This, I found out is a radical way to graph quadratic equations! Actually, I discovered this on Youtube around 4 years ago and up to now, I found out that even Math teachers still did not know about this until we were on a topic on mentoring. I am telling you, most of the things I am teaching today were not taught in my college days! Things were bumped on as I progressed in my teaching career.  It was around the end of the 2^nd grading period this year that then I asked a co teacher on how he taught the topic Graphing of Quadratic functions and I was surprised that he said he used a table of values, or determining the vertex first and from there, getting symmetrical points/ or if there x intercepts.   I taught him immediately the quick fix and trick to this even without that table of values, or other way/s around to. And he seemed to like it. That was my first instance of mentoring as a Master Teacher.  The topic to beat is graphing quadratics. I thought to myself that it’s more likely that students will like this. Well, most of them anyway. For others are stubbornly closed to learning and more focused on being petiks. (slang for easy-go-lucky)

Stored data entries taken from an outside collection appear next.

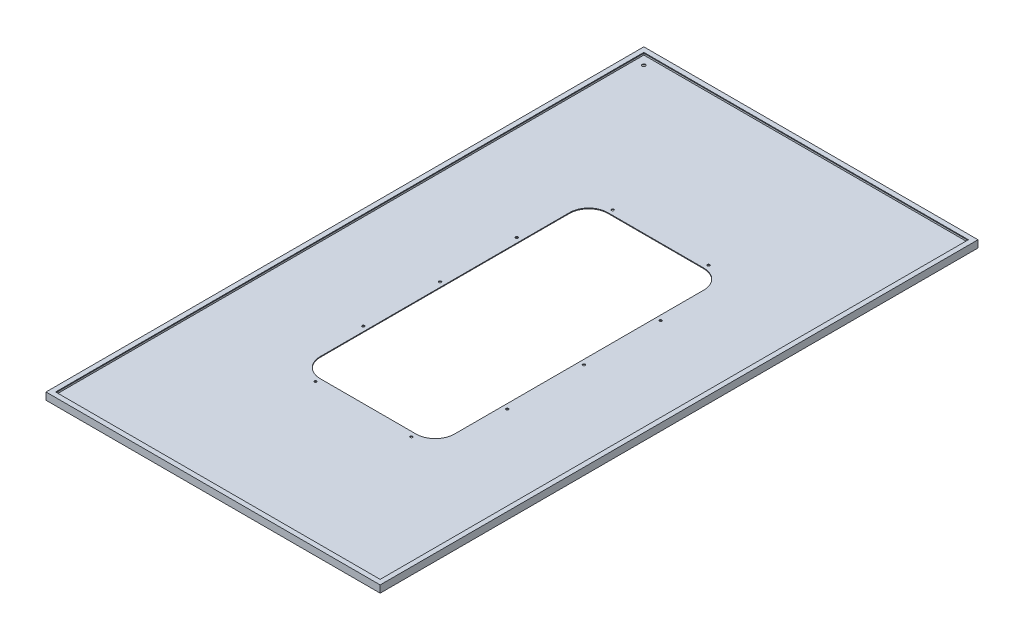
ISO-10303-21;
HEADER;
FILE_DESCRIPTION(('STEP AP214'),'2;1');
FILE_NAME('part.step','',(''),(''),'','','');
FILE_SCHEMA(('AUTOMOTIVE_DESIGN { 1 0 10303 214 1 1 1 1 }'));
ENDSEC;
DATA;
#1=APPLICATION_CONTEXT('core data for automotive mechanical design processes');
#2=APPLICATION_PROTOCOL_DEFINITION('international standard','automotive_design',2000,#1);
#3=PRODUCT_CONTEXT('',#1,'mechanical');
#4=PRODUCT('Part','Part','',(#3));
#5=PRODUCT_RELATED_PRODUCT_CATEGORY('part','',(#4));
#6=PRODUCT_DEFINITION_FORMATION('','',#4);
#7=PRODUCT_DEFINITION_CONTEXT('part definition',#1,'design');
#8=PRODUCT_DEFINITION('design','',#6,#7);
#9=PRODUCT_DEFINITION_SHAPE('','',#8);
#10=(LENGTH_UNIT() NAMED_UNIT(*) SI_UNIT(.MILLI.,.METRE.));
#11=(NAMED_UNIT(*) PLANE_ANGLE_UNIT() SI_UNIT($,.RADIAN.));
#12=(NAMED_UNIT(*) SI_UNIT($,.STERADIAN.) SOLID_ANGLE_UNIT());
#13=UNCERTAINTY_MEASURE_WITH_UNIT(LENGTH_MEASURE(1.E-05),#10,'distance_accuracy_value','');
#14=(GEOMETRIC_REPRESENTATION_CONTEXT(3) GLOBAL_UNCERTAINTY_ASSIGNED_CONTEXT((#13)) GLOBAL_UNIT_ASSIGNED_CONTEXT((#10,
#11,#12)) REPRESENTATION_CONTEXT('',''));
#15=CARTESIAN_POINT('',(0.,0.,0.));
#16=DIRECTION('',(0.,0.,1.));
#17=DIRECTION('',(1.,0.,0.));
#18=AXIS2_PLACEMENT_3D('',#15,#16,#17);
#19=CARTESIAN_POINT('',(-348.5,-485.,701.5));
#20=DIRECTION('',(-1.,0.,0.));
#21=DIRECTION('',(0.,0.,1.));
#22=AXIS2_PLACEMENT_3D('',#19,#20,#21);
#23=PLANE('',#22);
#24=DIRECTION('',(0.,-1.,0.));
#25=VECTOR('',#24,1.);
#26=CARTESIAN_POINT('',(-348.5,-485.,701.5));
#27=LINE('',#26,#25);
#28=CARTESIAN_POINT('',(-348.5,-485.,701.5));
#29=VERTEX_POINT('',#28);
#30=CARTESIAN_POINT('',(-348.5,-500.,701.5));
#31=VERTEX_POINT('',#30);
#32=EDGE_CURVE('E313',#29,#31,#27,.T.);
#33=ORIENTED_EDGE('',*,*,#32,.T.);
#34=DIRECTION('',(0.,0.,-1.));
#35=VECTOR('',#34,1.);
#36=CARTESIAN_POINT('',(-348.5,-500.,701.5));
#37=LINE('',#36,#35);
#38=CARTESIAN_POINT('',(-348.5,-500.,1948.5));
#39=VERTEX_POINT('',#38);
#40=EDGE_CURVE('E299',#39,#31,#37,.T.);
#41=ORIENTED_EDGE('',*,*,#40,.F.);
#42=DIRECTION('',(0.,-1.,0.));
#43=VECTOR('',#42,1.);
#44=CARTESIAN_POINT('',(-348.5,-485.,1948.5));
#45=LINE('',#44,#43);
#46=CARTESIAN_POINT('',(-348.5,-485.,1948.5));
#47=VERTEX_POINT('',#46);
#48=EDGE_CURVE('E25',#47,#39,#45,.T.);
#49=ORIENTED_EDGE('',*,*,#48,.F.);
#50=DIRECTION('',(0.,0.,-1.));
#51=VECTOR('',#50,1.);
#52=CARTESIAN_POINT('',(-348.5,-485.,701.5));
#53=LINE('',#52,#51);
#54=EDGE_CURVE('E300',#47,#29,#53,.T.);
#55=ORIENTED_EDGE('',*,*,#54,.T.);
#56=EDGE_LOOP('',(#33,#41,#49,#55));
#57=FACE_BOUND('',#56,.T.);
#58=ADVANCED_FACE('F17',(#57),#23,.T.);
#59=CARTESIAN_POINT('',(-348.5,-485.,1948.5));
#60=DIRECTION('',(0.,0.,1.));
#61=DIRECTION('',(1.,0.,0.));
#62=AXIS2_PLACEMENT_3D('',#59,#60,#61);
#63=PLANE('',#62);
#64=ORIENTED_EDGE('',*,*,#48,.T.);
#65=DIRECTION('',(-1.,0.,0.));
#66=VECTOR('',#65,1.);
#67=CARTESIAN_POINT('',(-348.5,-500.,1948.5));
#68=LINE('',#67,#66);
#69=CARTESIAN_POINT('',(348.5,-500.,1948.5));
#70=VERTEX_POINT('',#69);
#71=EDGE_CURVE('E304',#70,#39,#68,.T.);
#72=ORIENTED_EDGE('',*,*,#71,.F.);
#73=DIRECTION('',(0.,-1.,0.));
#74=VECTOR('',#73,1.);
#75=CARTESIAN_POINT('',(348.5,-485.,1948.5));
#76=LINE('',#75,#74);
#77=CARTESIAN_POINT('',(348.5,-485.,1948.5));
#78=VERTEX_POINT('',#77);
#79=EDGE_CURVE('E325',#78,#70,#76,.T.);
#80=ORIENTED_EDGE('',*,*,#79,.F.);
#81=DIRECTION('',(-1.,0.,0.));
#82=VECTOR('',#81,1.);
#83=CARTESIAN_POINT('',(-348.5,-485.,1948.5));
#84=LINE('',#83,#82);
#85=EDGE_CURVE('E310',#78,#47,#84,.T.);
#86=ORIENTED_EDGE('',*,*,#85,.T.);
#87=EDGE_LOOP('',(#64,#72,#80,#86));
#88=FACE_BOUND('',#87,.T.);
#89=ADVANCED_FACE('F388',(#88),#63,.T.);
#90=CARTESIAN_POINT('',(348.5,-485.,701.5));
#91=DIRECTION('',(1.,0.,0.));
#92=DIRECTION('',(0.,0.,-1.));
#93=AXIS2_PLACEMENT_3D('',#90,#91,#92);
#94=PLANE('',#93);
#95=ORIENTED_EDGE('',*,*,#79,.T.);
#96=DIRECTION('',(0.,0.,1.));
#97=VECTOR('',#96,1.);
#98=CARTESIAN_POINT('',(348.5,-500.,701.5));
#99=LINE('',#98,#97);
#100=CARTESIAN_POINT('',(348.5,-500.,701.5));
#101=VERTEX_POINT('',#100);
#102=EDGE_CURVE('E319',#101,#70,#99,.T.);
#103=ORIENTED_EDGE('',*,*,#102,.F.);
#104=DIRECTION('',(0.,-1.,0.));
#105=VECTOR('',#104,1.);
#106=CARTESIAN_POINT('',(348.5,-485.,701.5));
#107=LINE('',#106,#105);
#108=CARTESIAN_POINT('',(348.5,-485.,701.5));
#109=VERTEX_POINT('',#108);
#110=EDGE_CURVE('E327',#109,#101,#107,.T.);
#111=ORIENTED_EDGE('',*,*,#110,.F.);
#112=DIRECTION('',(0.,0.,1.));
#113=VECTOR('',#112,1.);
#114=CARTESIAN_POINT('',(348.5,-485.,701.5));
#115=LINE('',#114,#113);
#116=EDGE_CURVE('E307',#109,#78,#115,.T.);
#117=ORIENTED_EDGE('',*,*,#116,.T.);
#118=EDGE_LOOP('',(#95,#103,#111,#117));
#119=FACE_BOUND('',#118,.T.);
#120=ADVANCED_FACE('F393',(#119),#94,.T.);
#121=CARTESIAN_POINT('',(-348.5,-485.,701.5));
#122=DIRECTION('',(0.,0.,-1.));
#123=DIRECTION('',(-1.,0.,0.));
#124=AXIS2_PLACEMENT_3D('',#121,#122,#123);
#125=PLANE('',#124);
#126=ORIENTED_EDGE('',*,*,#110,.T.);
#127=DIRECTION('',(1.,0.,0.));
#128=VECTOR('',#127,1.);
#129=CARTESIAN_POINT('',(-348.5,-500.,701.5));
#130=LINE('',#129,#128);
#131=EDGE_CURVE('E316',#31,#101,#130,.T.);
#132=ORIENTED_EDGE('',*,*,#131,.F.);
#133=ORIENTED_EDGE('',*,*,#32,.F.);
#134=DIRECTION('',(1.,0.,0.));
#135=VECTOR('',#134,1.);
#136=CARTESIAN_POINT('',(-348.5,-485.,701.5));
#137=LINE('',#136,#135);
#138=EDGE_CURVE('E303',#29,#109,#137,.T.);
#139=ORIENTED_EDGE('',*,*,#138,.T.);
#140=EDGE_LOOP('',(#126,#132,#133,#139));
#141=FACE_BOUND('',#140,.T.);
#142=ADVANCED_FACE('F401',(#141),#125,.T.);
#143=CARTESIAN_POINT('',(0.,-485.,0.));
#144=DIRECTION('',(0.,1.,0.));
#145=DIRECTION('',(0.,0.,1.));
#146=AXIS2_PLACEMENT_3D('',#143,#144,#145);
#147=PLANE('',#146);
#148=ORIENTED_EDGE('',*,*,#138,.F.);
#149=ORIENTED_EDGE('',*,*,#54,.F.);
#150=ORIENTED_EDGE('',*,*,#85,.F.);
#151=ORIENTED_EDGE('',*,*,#116,.F.);
#152=EDGE_LOOP('',(#148,#149,#150,#151));
#153=FACE_BOUND('',#152,.T.);
#154=DIRECTION('',(0.,0.,-1.));
#155=VECTOR('',#154,1.);
#156=CARTESIAN_POINT('',(338.5,-485.,1938.5));
#157=LINE('',#156,#155);
#158=CARTESIAN_POINT('',(338.5,-485.,1938.5));
#159=VERTEX_POINT('',#158);
#160=CARTESIAN_POINT('',(338.5,-485.,711.5));
#161=VERTEX_POINT('',#160);
#162=EDGE_CURVE('E252',#159,#161,#157,.T.);
#163=ORIENTED_EDGE('',*,*,#162,.F.);
#164=DIRECTION('',(1.,0.,0.));
#165=VECTOR('',#164,1.);
#166=CARTESIAN_POINT('',(-338.5,-485.,1938.5));
#167=LINE('',#166,#165);
#168=CARTESIAN_POINT('',(-338.5,-485.,1938.5));
#169=VERTEX_POINT('',#168);
#170=EDGE_CURVE('E242',#169,#159,#167,.T.);
#171=ORIENTED_EDGE('',*,*,#170,.F.);
#172=DIRECTION('',(0.,0.,1.));
#173=VECTOR('',#172,1.);
#174=CARTESIAN_POINT('',(-338.5,-485.,711.5));
#175=LINE('',#174,#173);
#176=CARTESIAN_POINT('',(-338.5,-485.,711.5));
#177=VERTEX_POINT('',#176);
#178=EDGE_CURVE('E257',#177,#169,#175,.T.);
#179=ORIENTED_EDGE('',*,*,#178,.F.);
#180=DIRECTION('',(-1.,0.,0.));
#181=VECTOR('',#180,1.);
#182=CARTESIAN_POINT('',(338.5,-485.,711.5));
#183=LINE('',#182,#181);
#184=EDGE_CURVE('E254',#161,#177,#183,.T.);
#185=ORIENTED_EDGE('',*,*,#184,.F.);
#186=EDGE_LOOP('',(#163,#171,#179,#185));
#187=FACE_BOUND('',#186,.T.);
#188=ADVANCED_FACE('F384',(#153,#187),#147,.T.);
#189=CARTESIAN_POINT('',(0.,-500.,0.));
#190=DIRECTION('',(0.,1.,0.));
#191=DIRECTION('',(0.,0.,1.));
#192=AXIS2_PLACEMENT_3D('',#189,#190,#191);
#193=PLANE('',#192);
#194=CARTESIAN_POINT('',(-150.,-500.,1165.));
#195=DIRECTION('',(0.,1.,0.));
#196=DIRECTION('',(0.,0.,1.));
#197=AXIS2_PLACEMENT_3D('',#194,#195,#196);
#198=CIRCLE('',#197,2.49999999999988);
#199=CARTESIAN_POINT('',(-150.,-500.,1167.5));
#200=VERTEX_POINT('',#199);
#201=EDGE_CURVE('E758',#200,#200,#198,.T.);
#202=ORIENTED_EDGE('',*,*,#201,.T.);
#203=EDGE_LOOP('',(#202));
#204=FACE_BOUND('',#203,.T.);
#205=CARTESIAN_POINT('',(-100.,-500.,1015.));
#206=DIRECTION('',(0.,1.,0.));
#207=DIRECTION('',(0.,0.,1.));
#208=AXIS2_PLACEMENT_3D('',#205,#206,#207);
#209=CIRCLE('',#208,2.49999999999988);
#210=CARTESIAN_POINT('',(-100.,-500.,1017.5));
#211=VERTEX_POINT('',#210);
#212=EDGE_CURVE('E759',#211,#211,#209,.T.);
#213=ORIENTED_EDGE('',*,*,#212,.T.);
#214=EDGE_LOOP('',(#213));
#215=FACE_BOUND('',#214,.T.);
#216=CARTESIAN_POINT('',(150.,-500.,1165.));
#217=DIRECTION('',(0.,1.,0.));
#218=DIRECTION('',(0.,0.,1.));
#219=AXIS2_PLACEMENT_3D('',#216,#217,#218);
#220=CIRCLE('',#219,2.49999999999988);
#221=CARTESIAN_POINT('',(150.,-500.,1167.5));
#222=VERTEX_POINT('',#221);
#223=EDGE_CURVE('E762',#222,#222,#220,.T.);
#224=ORIENTED_EDGE('',*,*,#223,.T.);
#225=EDGE_LOOP('',(#224));
#226=FACE_BOUND('',#225,.T.);
#227=CARTESIAN_POINT('',(100.,-500.,1015.));
#228=DIRECTION('',(0.,1.,0.));
#229=DIRECTION('',(0.,0.,1.));
#230=AXIS2_PLACEMENT_3D('',#227,#228,#229);
#231=CIRCLE('',#230,2.49999999999988);
#232=CARTESIAN_POINT('',(100.,-500.,1017.5));
#233=VERTEX_POINT('',#232);
#234=EDGE_CURVE('E767',#233,#233,#231,.T.);
#235=ORIENTED_EDGE('',*,*,#234,.T.);
#236=EDGE_LOOP('',(#235));
#237=FACE_BOUND('',#236,.T.);
#238=CARTESIAN_POINT('',(100.,-500.,1635.));
#239=DIRECTION('',(0.,1.,0.));
#240=DIRECTION('',(0.,0.,1.));
#241=AXIS2_PLACEMENT_3D('',#238,#239,#240);
#242=CIRCLE('',#241,2.49999999999988);
#243=CARTESIAN_POINT('',(100.,-500.,1637.5));
#244=VERTEX_POINT('',#243);
#245=EDGE_CURVE('E770',#244,#244,#242,.T.);
#246=ORIENTED_EDGE('',*,*,#245,.T.);
#247=EDGE_LOOP('',(#246));
#248=FACE_BOUND('',#247,.T.);
#249=CARTESIAN_POINT('',(150.,-500.,1485.));
#250=DIRECTION('',(0.,1.,0.));
#251=DIRECTION('',(0.,0.,1.));
#252=AXIS2_PLACEMENT_3D('',#249,#250,#251);
#253=CIRCLE('',#252,2.49999999999988);
#254=CARTESIAN_POINT('',(150.,-500.,1487.5));
#255=VERTEX_POINT('',#254);
#256=EDGE_CURVE('E773',#255,#255,#253,.T.);
#257=ORIENTED_EDGE('',*,*,#256,.T.);
#258=EDGE_LOOP('',(#257));
#259=FACE_BOUND('',#258,.T.);
#260=CARTESIAN_POINT('',(-100.,-500.,1635.));
#261=DIRECTION('',(0.,1.,0.));
#262=DIRECTION('',(0.,0.,1.));
#263=AXIS2_PLACEMENT_3D('',#260,#261,#262);
#264=CIRCLE('',#263,2.49999999999988);
#265=CARTESIAN_POINT('',(-100.,-500.,1637.5));
#266=VERTEX_POINT('',#265);
#267=EDGE_CURVE('E776',#266,#266,#264,.T.);
#268=ORIENTED_EDGE('',*,*,#267,.T.);
#269=EDGE_LOOP('',(#268));
#270=FACE_BOUND('',#269,.T.);
#271=CARTESIAN_POINT('',(-150.,-500.,1485.));
#272=DIRECTION('',(0.,1.,0.));
#273=DIRECTION('',(0.,0.,1.));
#274=AXIS2_PLACEMENT_3D('',#271,#272,#273);
#275=CIRCLE('',#274,2.49999999999988);
#276=CARTESIAN_POINT('',(-150.,-500.,1487.5));
#277=VERTEX_POINT('',#276);
#278=EDGE_CURVE('E779',#277,#277,#275,.T.);
#279=ORIENTED_EDGE('',*,*,#278,.T.);
#280=EDGE_LOOP('',(#279));
#281=FACE_BOUND('',#280,.T.);
#282=CARTESIAN_POINT('',(150.,-500.,1325.));
#283=DIRECTION('',(0.,1.,0.));
#284=DIRECTION('',(0.,0.,1.));
#285=AXIS2_PLACEMENT_3D('',#282,#283,#284);
#286=CIRCLE('',#285,2.49999999999994);
#287=CARTESIAN_POINT('',(150.,-500.,1327.5));
#288=VERTEX_POINT('',#287);
#289=EDGE_CURVE('E782',#288,#288,#286,.T.);
#290=ORIENTED_EDGE('',*,*,#289,.T.);
#291=EDGE_LOOP('',(#290));
#292=FACE_BOUND('',#291,.T.);
#293=CARTESIAN_POINT('',(-150.,-500.,1325.));
#294=DIRECTION('',(0.,1.,0.));
#295=DIRECTION('',(0.,0.,1.));
#296=AXIS2_PLACEMENT_3D('',#293,#294,#295);
#297=CIRCLE('',#296,2.49999999999994);
#298=CARTESIAN_POINT('',(-150.,-500.,1327.5));
#299=VERTEX_POINT('',#298);
#300=EDGE_CURVE('E785',#299,#299,#297,.T.);
#301=ORIENTED_EDGE('',*,*,#300,.T.);
#302=EDGE_LOOP('',(#301));
#303=FACE_BOUND('',#302,.T.);
#304=DIRECTION('',(1.,0.,0.));
#305=VECTOR('',#304,1.);
#306=CARTESIAN_POINT('',(0.,-500.,1625.));
#307=LINE('',#306,#305);
#308=CARTESIAN_POINT('',(-99.9999999999997,-500.,1625.));
#309=VERTEX_POINT('',#308);
#310=CARTESIAN_POINT('',(99.9999999999998,-500.,1625.));
#311=VERTEX_POINT('',#310);
#312=EDGE_CURVE('E219',#309,#311,#307,.T.);
#313=ORIENTED_EDGE('',*,*,#312,.T.);
#314=CARTESIAN_POINT('',(100.,-500.,1585.));
#315=DIRECTION('',(0.,1.,0.));
#316=DIRECTION('',(0.,0.,1.));
#317=AXIS2_PLACEMENT_3D('',#314,#315,#316);
#318=CIRCLE('',#317,40.);
#319=CARTESIAN_POINT('',(140.,-500.,1585.));
#320=VERTEX_POINT('',#319);
#321=EDGE_CURVE('E222',#311,#320,#318,.T.);
#322=ORIENTED_EDGE('',*,*,#321,.T.);
#323=DIRECTION('',(0.,0.,-1.));
#324=VECTOR('',#323,1.);
#325=CARTESIAN_POINT('',(140.,-500.,0.));
#326=LINE('',#325,#324);
#327=CARTESIAN_POINT('',(140.,-500.,1065.));
#328=VERTEX_POINT('',#327);
#329=EDGE_CURVE('E194',#320,#328,#326,.T.);
#330=ORIENTED_EDGE('',*,*,#329,.T.);
#331=CARTESIAN_POINT('',(100.,-500.,1065.));
#332=DIRECTION('',(0.,1.,0.));
#333=DIRECTION('',(0.,0.,1.));
#334=AXIS2_PLACEMENT_3D('',#331,#332,#333);
#335=CIRCLE('',#334,40.);
#336=CARTESIAN_POINT('',(99.9999999999998,-500.,1025.));
#337=VERTEX_POINT('',#336);
#338=EDGE_CURVE('E161',#328,#337,#335,.T.);
#339=ORIENTED_EDGE('',*,*,#338,.T.);
#340=DIRECTION('',(-1.,0.,0.));
#341=VECTOR('',#340,1.);
#342=CARTESIAN_POINT('',(0.,-500.,1025.));
#343=LINE('',#342,#341);
#344=CARTESIAN_POINT('',(-100.,-500.,1025.));
#345=VERTEX_POINT('',#344);
#346=EDGE_CURVE('E207',#337,#345,#343,.T.);
#347=ORIENTED_EDGE('',*,*,#346,.T.);
#348=CARTESIAN_POINT('',(-100.,-500.,1065.));
#349=DIRECTION('',(0.,1.,0.));
#350=DIRECTION('',(0.,0.,1.));
#351=AXIS2_PLACEMENT_3D('',#348,#349,#350);
#352=CIRCLE('',#351,40.);
#353=CARTESIAN_POINT('',(-140.,-500.,1065.));
#354=VERTEX_POINT('',#353);
#355=EDGE_CURVE('E210',#345,#354,#352,.T.);
#356=ORIENTED_EDGE('',*,*,#355,.T.);
#357=DIRECTION('',(0.,0.,1.));
#358=VECTOR('',#357,1.);
#359=CARTESIAN_POINT('',(-140.,-500.,0.));
#360=LINE('',#359,#358);
#361=CARTESIAN_POINT('',(-140.,-500.,1585.));
#362=VERTEX_POINT('',#361);
#363=EDGE_CURVE('E213',#354,#362,#360,.T.);
#364=ORIENTED_EDGE('',*,*,#363,.T.);
#365=CARTESIAN_POINT('',(-100.,-500.,1585.));
#366=DIRECTION('',(0.,1.,0.));
#367=DIRECTION('',(0.,0.,1.));
#368=AXIS2_PLACEMENT_3D('',#365,#366,#367);
#369=CIRCLE('',#368,40.);
#370=EDGE_CURVE('E216',#362,#309,#369,.T.);
#371=ORIENTED_EDGE('',*,*,#370,.T.);
#372=EDGE_LOOP('',(#313,#322,#330,#339,#347,#356,#364,#371));
#373=FACE_BOUND('',#372,.T.);
#374=CARTESIAN_POINT('',(-328.5,-500.,1928.5));
#375=DIRECTION('',(0.,-1.,0.));
#376=DIRECTION('',(0.,0.,-1.));
#377=AXIS2_PLACEMENT_3D('',#374,#375,#376);
#378=CIRCLE('',#377,3.5);
#379=CARTESIAN_POINT('',(-328.5,-500.,1925.));
#380=VERTEX_POINT('',#379);
#381=EDGE_CURVE('E229',#380,#380,#378,.T.);
#382=ORIENTED_EDGE('',*,*,#381,.F.);
#383=EDGE_LOOP('',(#382));
#384=FACE_BOUND('',#383,.T.);
#385=CARTESIAN_POINT('',(328.5,-500.,721.500000000001));
#386=DIRECTION('',(0.,-1.,0.));
#387=DIRECTION('',(0.,0.,-1.));
#388=AXIS2_PLACEMENT_3D('',#385,#386,#387);
#389=CIRCLE('',#388,3.5);
#390=CARTESIAN_POINT('',(328.5,-500.,718.000000000001));
#391=VERTEX_POINT('',#390);
#392=EDGE_CURVE('E228',#391,#391,#389,.T.);
#393=ORIENTED_EDGE('',*,*,#392,.F.);
#394=EDGE_LOOP('',(#393));
#395=FACE_BOUND('',#394,.T.);
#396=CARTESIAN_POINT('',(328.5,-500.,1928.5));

                                First, we need a quadratic to graph:  How would you, for instance graph the quadratic function in the vertex form y= (x-2)² + 3? First you need to identify the vertex . Very obviously, it’s at (2, 3) Then from the graph paper just considering the step pattern count 1, 3, 5, 7, … The count comes from the parent graph of  y = x².  There are spaces of 1, 3, 5, … from the vertex to the 1^st symmetrical point on the right, from there to the 2^nd symmetrical point and so on.  The count is over 1 up 1, over 1 up 3, over 1 up 5, and so on. For as long as the a part = 1 or -1 when the parabola opens upward or downward. So there.  Enough fun topic to mentor my co teachers with because they themselves enjoyed the step pattern count which is with so much ease.  And the graph count changes when a>1 . When the equation for instance is y = 2 (x+3)² -4, then the count swerves from 1, 3, 5 to 2, 6, 10,… and when a= 3, as in y = 3(x-4)² -1 , from

(4, -1) upward, the count becomes 3, 9, 15, … and the parabola gets narrower as a increases.

                                Inversely, when a is negative, then the parabola opens downward but the count is now, over 1  down 1, over 1 down 3 instead of up 1 and up 3.  Multiply the count pattern by whatever is the apart .  If  graphing y = -2(x-1)² +3, then the count shifts to over 1, down 2, over 1 down 6 and so on. If  a= -3, then count begins by over 1 down 3, over 1 down 9 and so on.  And so graphing seems just like a breeze just like in graphing linear functions where counting takes place likewise.  This is more fun for Math students. Of course the presentation& the motivation to succeed on this and for them to enjoy depend on you: their Math teacher!  There are many situations actually. Let us have another situation where the quadratic is in standard form. What do you do? That’s right! Determine the vertex and get it done in vertex form. We won’t go with the details of the formula. As a Math teacher, you ought to know it.  If you have read this far, then you are one. Determine the vertex and count in the step pattern and voila, you would have conquered the graphing techniques in Quadratics.

                                By the way, thanks to my co teachers for the opportunity to mentor them. Not all are agreeable to such. Others may view mentoring as a blow to their pride.  Honestly, I was amazed to have known this thing from Youtube channel. I was a slave of that table of values once, I admit. Now I know it’s for sissies! No more enthrallment of that kind from now on. It takes research for one to know and mentoring what you have learned to make it fruitful for your clientele – the community of learners who depend upon you!

By: Ronaldo V. Tiangco | MT I | MNHS Poblacion